_WHAT TO WORK ON_
An exact reproduction of the lines below, from the first through the one with "#1=APPLICATION_CONTEXT('core data for", is the whole answer; pictures have no place in it.

_RECORDS FOR PROCESSING_
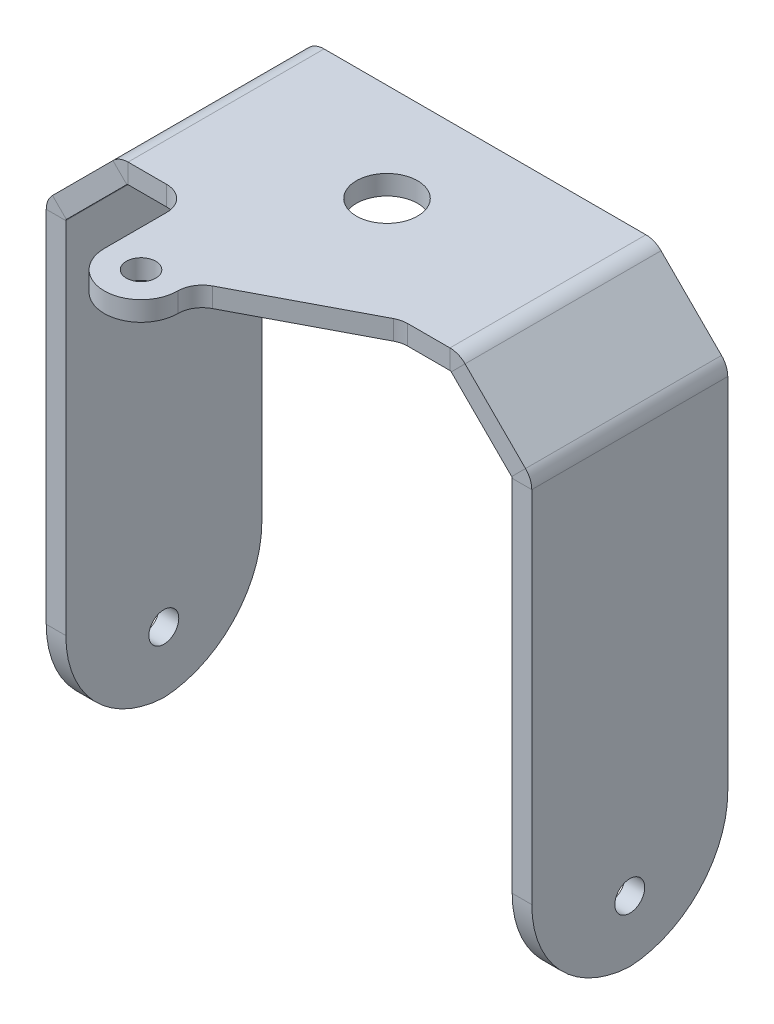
ISO-10303-21;
HEADER;
FILE_DESCRIPTION(('STEP AP214'),'2;1');
FILE_NAME('part.step','',(''),(''),'','','');
FILE_SCHEMA(('AUTOMOTIVE_DESIGN { 1 0 10303 214 1 1 1 1 }'));
ENDSEC;
DATA;
#1=APPLICATION_CONTEXT('core data for automotive mechanical design processes');
#2=APPLICATION_PROTOCOL_DEFINITION('international standard','automotive_design',2000,#1);
#3=PRODUCT_CONTEXT('',#1,'mechanical');
#4=PRODUCT('Part','Part','',(#3));
#5=PRODUCT_RELATED_PRODUCT_CATEGORY('part','',(#4));
#6=PRODUCT_DEFINITION_FORMATION('','',#4);
#7=PRODUCT_DEFINITION_CONTEXT('part definition',#1,'design');
#8=PRODUCT_DEFINITION('design','',#6,#7);
#9=PRODUCT_DEFINITION_SHAPE('','',#8);
#10=(LENGTH_UNIT() NAMED_UNIT(*) SI_UNIT(.MILLI.,.METRE.));
#11=(NAMED_UNIT(*) PLANE_ANGLE_UNIT() SI_UNIT($,.RADIAN.));
#12=(NAMED_UNIT(*) SI_UNIT($,.STERADIAN.) SOLID_ANGLE_UNIT());
#13=UNCERTAINTY_MEASURE_WITH_UNIT(LENGTH_MEASURE(1.E-05),#10,'distance_accuracy_value','');
#14=(GEOMETRIC_REPRESENTATION_CONTEXT(3) GLOBAL_UNCERTAINTY_ASSIGNED_CONTEXT((#13)) GLOBAL_UNIT_ASSIGNED_CONTEXT((#10,
#11,#12)) REPRESENTATION_CONTEXT('',''));
#15=CARTESIAN_POINT('',(0.,0.,0.));
#16=DIRECTION('',(0.,0.,1.));
#17=DIRECTION('',(1.,0.,0.));
#18=AXIS2_PLACEMENT_3D('',#15,#16,#17);
#19=CARTESIAN_POINT('',(99.1022907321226,-25.1022907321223,40.));
#20=DIRECTION('',(1.,0.,0.));
#21=DIRECTION('',(0.,1.,0.));
#22=AXIS2_PLACEMENT_3D('',#19,#20,#21);
#23=PLANE('',#22);
#24=CARTESIAN_POINT('',(99.1022907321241,-189.054644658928,0.));
#25=DIRECTION('',(1.,0.,0.));
#26=DIRECTION('',(0.,1.,0.));
#27=AXIS2_PLACEMENT_3D('',#24,#25,#26);
#28=CIRCLE('',#27,6.1);
#29=CARTESIAN_POINT('',(99.1022907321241,-182.954644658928,0.));
#30=VERTEX_POINT('',#29);
#31=EDGE_CURVE('E1169',#30,#30,#28,.T.);
#32=ORIENTED_EDGE('',*,*,#31,.F.);
#33=EDGE_LOOP('',(#32));
#34=FACE_BOUND('',#33,.T.);
#35=CARTESIAN_POINT('',(99.102290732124,-172.102290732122,-2.));
#36=DIRECTION('',(1.,0.,0.));
#37=DIRECTION('',(0.,1.,0.));
#38=AXIS2_PLACEMENT_3D('',#35,#36,#37);
#39=CIRCLE('',#38,42.);
#40=CARTESIAN_POINT('',(99.1022907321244,-214.054644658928,3.00107161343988E-13));
#41=VERTEX_POINT('',#40);
#42=CARTESIAN_POINT('',(99.102290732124,-172.102290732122,40.));
#43=VERTEX_POINT('',#42);
#44=EDGE_CURVE('E246',#41,#43,#39,.F.);
#45=ORIENTED_EDGE('',*,*,#44,.F.);
#46=CARTESIAN_POINT('',(99.102290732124,-172.102290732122,2.));
#47=DIRECTION('',(1.,0.,0.));
#48=DIRECTION('',(0.,1.,0.));
#49=AXIS2_PLACEMENT_3D('',#46,#47,#48);
#50=CIRCLE('',#49,42.);
#51=CARTESIAN_POINT('',(99.102290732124,-172.102290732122,-40.));
#52=VERTEX_POINT('',#51);
#53=EDGE_CURVE('E49',#41,#52,#50,.T.);
#54=ORIENTED_EDGE('',*,*,#53,.T.);
#55=DIRECTION('',(0.,-1.,0.));
#56=VECTOR('',#55,1.);
#57=CARTESIAN_POINT('',(99.1022907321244,-214.102290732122,-40.));
#58=LINE('',#57,#56);
#59=CARTESIAN_POINT('',(99.1022907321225,-25.4074004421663,-40.));
#60=VERTEX_POINT('',#59);
#61=EDGE_CURVE('E270',#60,#52,#58,.T.);
#62=ORIENTED_EDGE('',*,*,#61,.F.);
#63=DIRECTION('',(0.,0.,1.));
#64=VECTOR('',#63,1.);
#65=CARTESIAN_POINT('',(99.1022907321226,-25.4074004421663,40.));
#66=LINE('',#65,#64);
#67=CARTESIAN_POINT('',(99.1022907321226,-25.4074004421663,40.));
#68=VERTEX_POINT('',#67);
#69=EDGE_CURVE('E262',#60,#68,#66,.T.);
#70=ORIENTED_EDGE('',*,*,#69,.T.);
#71=DIRECTION('',(0.,1.,0.));
#72=VECTOR('',#71,1.);
#73=CARTESIAN_POINT('',(99.1022907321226,-25.1022907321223,40.));
#74=LINE('',#73,#72);
#75=EDGE_CURVE('E273',#43,#68,#74,.T.);
#76=ORIENTED_EDGE('',*,*,#75,.F.);
#77=EDGE_LOOP('',(#45,#54,#62,#70,#76));
#78=FACE_BOUND('',#77,.T.);
#79=ADVANCED_FACE('F33',(#34,#78),#23,.T.);
#80=CARTESIAN_POINT('',(91.1022907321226,-25.1022907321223,40.));
#81=DIRECTION('',(1.,0.,0.));
#82=DIRECTION('',(0.,1.,0.));
#83=AXIS2_PLACEMENT_3D('',#80,#81,#82);
#84=PLANE('',#83);
#85=CARTESIAN_POINT('',(91.1022907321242,-189.054644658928,0.));
#86=DIRECTION('',(1.,0.,0.));
#87=DIRECTION('',(0.,1.,0.));
#88=AXIS2_PLACEMENT_3D('',#85,#86,#87);
#89=CIRCLE('',#88,6.1);
#90=CARTESIAN_POINT('',(91.1022907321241,-182.954644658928,0.));
#91=VERTEX_POINT('',#90);
#92=EDGE_CURVE('E240',#91,#91,#89,.T.);
#93=ORIENTED_EDGE('',*,*,#92,.T.);
#94=EDGE_LOOP('',(#93));
#95=FACE_BOUND('',#94,.T.);
#96=CARTESIAN_POINT('',(91.102290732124,-172.102290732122,2.));
#97=DIRECTION('',(1.,0.,0.));
#98=DIRECTION('',(0.,1.,0.));
#99=AXIS2_PLACEMENT_3D('',#96,#97,#98);
#100=CIRCLE('',#99,42.);
#101=CARTESIAN_POINT('',(91.1022907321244,-214.054644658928,2.97071395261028E-13));
#102=VERTEX_POINT('',#101);
#103=CARTESIAN_POINT('',(91.1022907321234,-172.102290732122,-40.));
#104=VERTEX_POINT('',#103);
#105=EDGE_CURVE('E225',#102,#104,#100,.T.);
#106=ORIENTED_EDGE('',*,*,#105,.F.);
#107=CARTESIAN_POINT('',(91.102290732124,-172.102290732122,-2.));
#108=DIRECTION('',(1.,0.,0.));
#109=DIRECTION('',(0.,1.,0.));
#110=AXIS2_PLACEMENT_3D('',#107,#108,#109);
#111=CIRCLE('',#110,42.);
#112=CARTESIAN_POINT('',(91.1022907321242,-172.102290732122,40.));
#113=VERTEX_POINT('',#112);
#114=EDGE_CURVE('E235',#102,#113,#111,.F.);
#115=ORIENTED_EDGE('',*,*,#114,.T.);
#116=DIRECTION('',(0.,1.,0.));
#117=VECTOR('',#116,1.);
#118=CARTESIAN_POINT('',(91.1022907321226,-25.1022907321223,40.));
#119=LINE('',#118,#117);
#120=CARTESIAN_POINT('',(91.1022907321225,-25.4074004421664,40.));
#121=VERTEX_POINT('',#120);
#122=EDGE_CURVE('E268',#113,#121,#119,.T.);
#123=ORIENTED_EDGE('',*,*,#122,.T.);
#124=DIRECTION('',(0.,0.,1.));
#125=VECTOR('',#124,1.);
#126=CARTESIAN_POINT('',(91.1022907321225,-25.4074004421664,-40.));
#127=LINE('',#126,#125);
#128=CARTESIAN_POINT('',(91.1022907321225,-25.4074004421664,-40.));
#129=VERTEX_POINT('',#128);
#130=EDGE_CURVE('E256',#129,#121,#127,.T.);
#131=ORIENTED_EDGE('',*,*,#130,.F.);
#132=DIRECTION('',(0.,-1.,0.));
#133=VECTOR('',#132,1.);
#134=CARTESIAN_POINT('',(91.1022907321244,-214.102290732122,-40.));
#135=LINE('',#134,#133);
#136=EDGE_CURVE('E239',#129,#104,#135,.T.);
#137=ORIENTED_EDGE('',*,*,#136,.T.);
#138=EDGE_LOOP('',(#106,#115,#123,#131,#137));
#139=FACE_BOUND('',#138,.T.);
#140=ADVANCED_FACE('F234',(#95,#139),#84,.F.);
#141=CARTESIAN_POINT('',(91.102290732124,-172.102290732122,-2.));
#142=DIRECTION('',(1.,0.,0.));
#143=DIRECTION('',(0.,1.,0.));
#144=AXIS2_PLACEMENT_3D('',#141,#142,#143);
#145=CYLINDRICAL_SURFACE('',#144,42.);
#146=ORIENTED_EDGE('',*,*,#114,.F.);
#147=DIRECTION('',(-1.,0.,0.));
#148=VECTOR('',#147,1.);
#149=CARTESIAN_POINT('',(91.1022907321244,-214.054644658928,2.97071395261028E-13));
#150=LINE('',#149,#148);
#151=EDGE_CURVE('E222',#102,#41,#150,.F.);
#152=ORIENTED_EDGE('',*,*,#151,.T.);
#153=ORIENTED_EDGE('',*,*,#44,.T.);
#154=DIRECTION('',(-1.,0.,0.));
#155=VECTOR('',#154,1.);
#156=CARTESIAN_POINT('',(91.1022907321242,-172.102290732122,40.));
#157=LINE('',#156,#155);
#158=EDGE_CURVE('E244',#113,#43,#157,.F.);
#159=ORIENTED_EDGE('',*,*,#158,.F.);
#160=EDGE_LOOP('',(#146,#152,#153,#159));
#161=FACE_BOUND('',#160,.T.);
#162=ADVANCED_FACE('F242',(#161),#145,.T.);
#163=CARTESIAN_POINT('',(-99.1022907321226,-25.1022907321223,-40.));
#164=DIRECTION('',(-1.,0.,0.));
#165=DIRECTION('',(0.,-1.,0.));
#166=AXIS2_PLACEMENT_3D('',#163,#164,#165);
#167=PLANE('',#166);
#168=CARTESIAN_POINT('',(-99.1022907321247,-189.05464465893,1.29683751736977E-13));
#169=DIRECTION('',(1.,0.,0.));
#170=DIRECTION('',(0.,1.,0.));
#171=AXIS2_PLACEMENT_3D('',#168,#169,#170);
#172=CIRCLE('',#171,6.1);
#173=CARTESIAN_POINT('',(-99.1022907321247,-182.95464465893,1.29683751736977E-13));
#174=VERTEX_POINT('',#173);
#175=EDGE_CURVE('E1174',#174,#174,#172,.T.);
#176=ORIENTED_EDGE('',*,*,#175,.T.);
#177=EDGE_LOOP('',(#176));
#178=FACE_BOUND('',#177,.T.);
#179=DIRECTION('',(0.,1.,0.));
#180=VECTOR('',#179,1.);
#181=CARTESIAN_POINT('',(-99.1022907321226,-25.1022907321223,-40.));
#182=LINE('',#181,#180);
#183=CARTESIAN_POINT('',(-99.102290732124,-172.102290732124,-40.0000000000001));
#184=VERTEX_POINT('',#183);
#185=CARTESIAN_POINT('',(-99.1022907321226,-25.4074004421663,-40.));
#186=VERTEX_POINT('',#185);
#187=EDGE_CURVE('E318',#184,#186,#182,.T.);
#188=ORIENTED_EDGE('',*,*,#187,.F.);
#189=CARTESIAN_POINT('',(-99.102290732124,-172.102290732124,1.99999999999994));
#190=DIRECTION('',(-1.,0.,0.));
#191=DIRECTION('',(0.,-1.,0.));
#192=AXIS2_PLACEMENT_3D('',#189,#190,#191);
#193=CIRCLE('',#192,42.);
#194=CARTESIAN_POINT('',(-99.1022907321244,-214.054644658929,1.86656246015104E-11));
#195=VERTEX_POINT('',#194);
#196=EDGE_CURVE('E1181',#184,#195,#193,.T.);
#197=ORIENTED_EDGE('',*,*,#196,.T.);
#198=CARTESIAN_POINT('',(-99.102290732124,-172.102290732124,-1.99999999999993));
#199=DIRECTION('',(-1.,0.,0.));
#200=DIRECTION('',(0.,-1.,0.));
#201=AXIS2_PLACEMENT_3D('',#198,#199,#200);
#202=CIRCLE('',#201,42.);
#203=CARTESIAN_POINT('',(-99.102290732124,-172.102290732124,40.0000000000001));
#204=VERTEX_POINT('',#203);
#205=EDGE_CURVE('E250',#204,#195,#202,.F.);
#206=ORIENTED_EDGE('',*,*,#205,.F.);
#207=DIRECTION('',(0.,-1.,0.));
#208=VECTOR('',#207,1.);
#209=CARTESIAN_POINT('',(-99.1022907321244,-214.102290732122,40.));
#210=LINE('',#209,#208);
#211=CARTESIAN_POINT('',(-99.1022907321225,-25.4074004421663,40.));
#212=VERTEX_POINT('',#211);
#213=EDGE_CURVE('E315',#212,#204,#210,.T.);
#214=ORIENTED_EDGE('',*,*,#213,.F.);
#215=DIRECTION('',(0.,0.,-1.));
#216=VECTOR('',#215,1.);
#217=CARTESIAN_POINT('',(-99.1022907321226,-25.4074004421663,-40.));
#218=LINE('',#217,#216);
#219=EDGE_CURVE('E305',#212,#186,#218,.T.);
#220=ORIENTED_EDGE('',*,*,#219,.T.);
#221=EDGE_LOOP('',(#188,#197,#206,#214,#220));
#222=FACE_BOUND('',#221,.T.);
#223=ADVANCED_FACE('F665',(#178,#222),#167,.T.);
#224=CARTESIAN_POINT('',(-91.1022907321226,-25.1022907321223,-40.));
#225=DIRECTION('',(-1.,0.,0.));
#226=DIRECTION('',(0.,-1.,0.));
#227=AXIS2_PLACEMENT_3D('',#224,#225,#226);
#228=PLANE('',#227);
#229=CARTESIAN_POINT('',(-91.1022907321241,-189.05464465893,1.26908194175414E-13));
#230=DIRECTION('',(-1.,0.,0.));
#231=DIRECTION('',(0.,-1.,0.));
#232=AXIS2_PLACEMENT_3D('',#229,#230,#231);
#233=CIRCLE('',#232,6.1);
#234=CARTESIAN_POINT('',(-91.1022907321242,-195.15464465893,1.26908194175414E-13));
#235=VERTEX_POINT('',#234);
#236=EDGE_CURVE('E37',#235,#235,#233,.T.);
#237=ORIENTED_EDGE('',*,*,#236,.T.);
#238=EDGE_LOOP('',(#237));
#239=FACE_BOUND('',#238,.T.);
#240=CARTESIAN_POINT('',(-91.102290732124,-172.102290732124,1.99999999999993));
#241=DIRECTION('',(-1.,0.,0.));
#242=DIRECTION('',(0.,-1.,0.));
#243=AXIS2_PLACEMENT_3D('',#240,#241,#242);
#244=CIRCLE('',#243,42.);
#245=CARTESIAN_POINT('',(-91.1022907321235,-172.102290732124,-40.0000000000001));
#246=VERTEX_POINT('',#245);
#247=CARTESIAN_POINT('',(-91.1022907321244,-214.05464465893,0.));
#248=VERTEX_POINT('',#247);
#249=EDGE_CURVE('E57',#246,#248,#244,.T.);
#250=ORIENTED_EDGE('',*,*,#249,.F.);
#251=DIRECTION('',(0.,1.,0.));
#252=VECTOR('',#251,1.);
#253=CARTESIAN_POINT('',(-91.1022907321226,-25.1022907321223,-40.));
#254=LINE('',#253,#252);
#255=CARTESIAN_POINT('',(-91.1022907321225,-25.4074004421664,-40.));
#256=VERTEX_POINT('',#255);
#257=EDGE_CURVE('E313',#246,#256,#254,.T.);
#258=ORIENTED_EDGE('',*,*,#257,.T.);
#259=DIRECTION('',(0.,0.,-1.));
#260=VECTOR('',#259,1.);
#261=CARTESIAN_POINT('',(-91.1022907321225,-25.4074004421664,40.));
#262=LINE('',#261,#260);
#263=CARTESIAN_POINT('',(-91.1022907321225,-25.4074004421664,40.));
#264=VERTEX_POINT('',#263);
#265=EDGE_CURVE('E299',#264,#256,#262,.T.);
#266=ORIENTED_EDGE('',*,*,#265,.F.);
#267=DIRECTION('',(0.,-1.,0.));
#268=VECTOR('',#267,1.);
#269=CARTESIAN_POINT('',(-91.1022907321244,-214.102290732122,40.));
#270=LINE('',#269,#268);
#271=CARTESIAN_POINT('',(-91.1022907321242,-172.102290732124,40.0000000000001));
#272=VERTEX_POINT('',#271);
#273=EDGE_CURVE('E310',#264,#272,#270,.T.);
#274=ORIENTED_EDGE('',*,*,#273,.T.);
#275=CARTESIAN_POINT('',(-91.102290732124,-172.102290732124,-1.99999999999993));
#276=DIRECTION('',(-1.,0.,0.));
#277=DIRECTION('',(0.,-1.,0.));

_SOLUTION TO THIS TASK_
ISO-10303-21;
HEADER;
FILE_DESCRIPTION(('STEP AP214'),'2;1');
FILE_NAME('part.step','',(''),(''),'','','');
FILE_SCHEMA(('AUTOMOTIVE_DESIGN { 1 0 10303 214 1 1 1 1 }'));
ENDSEC;
DATA;
#1=APPLICATION_CONTEXT('core data for automotive mechanical design processes');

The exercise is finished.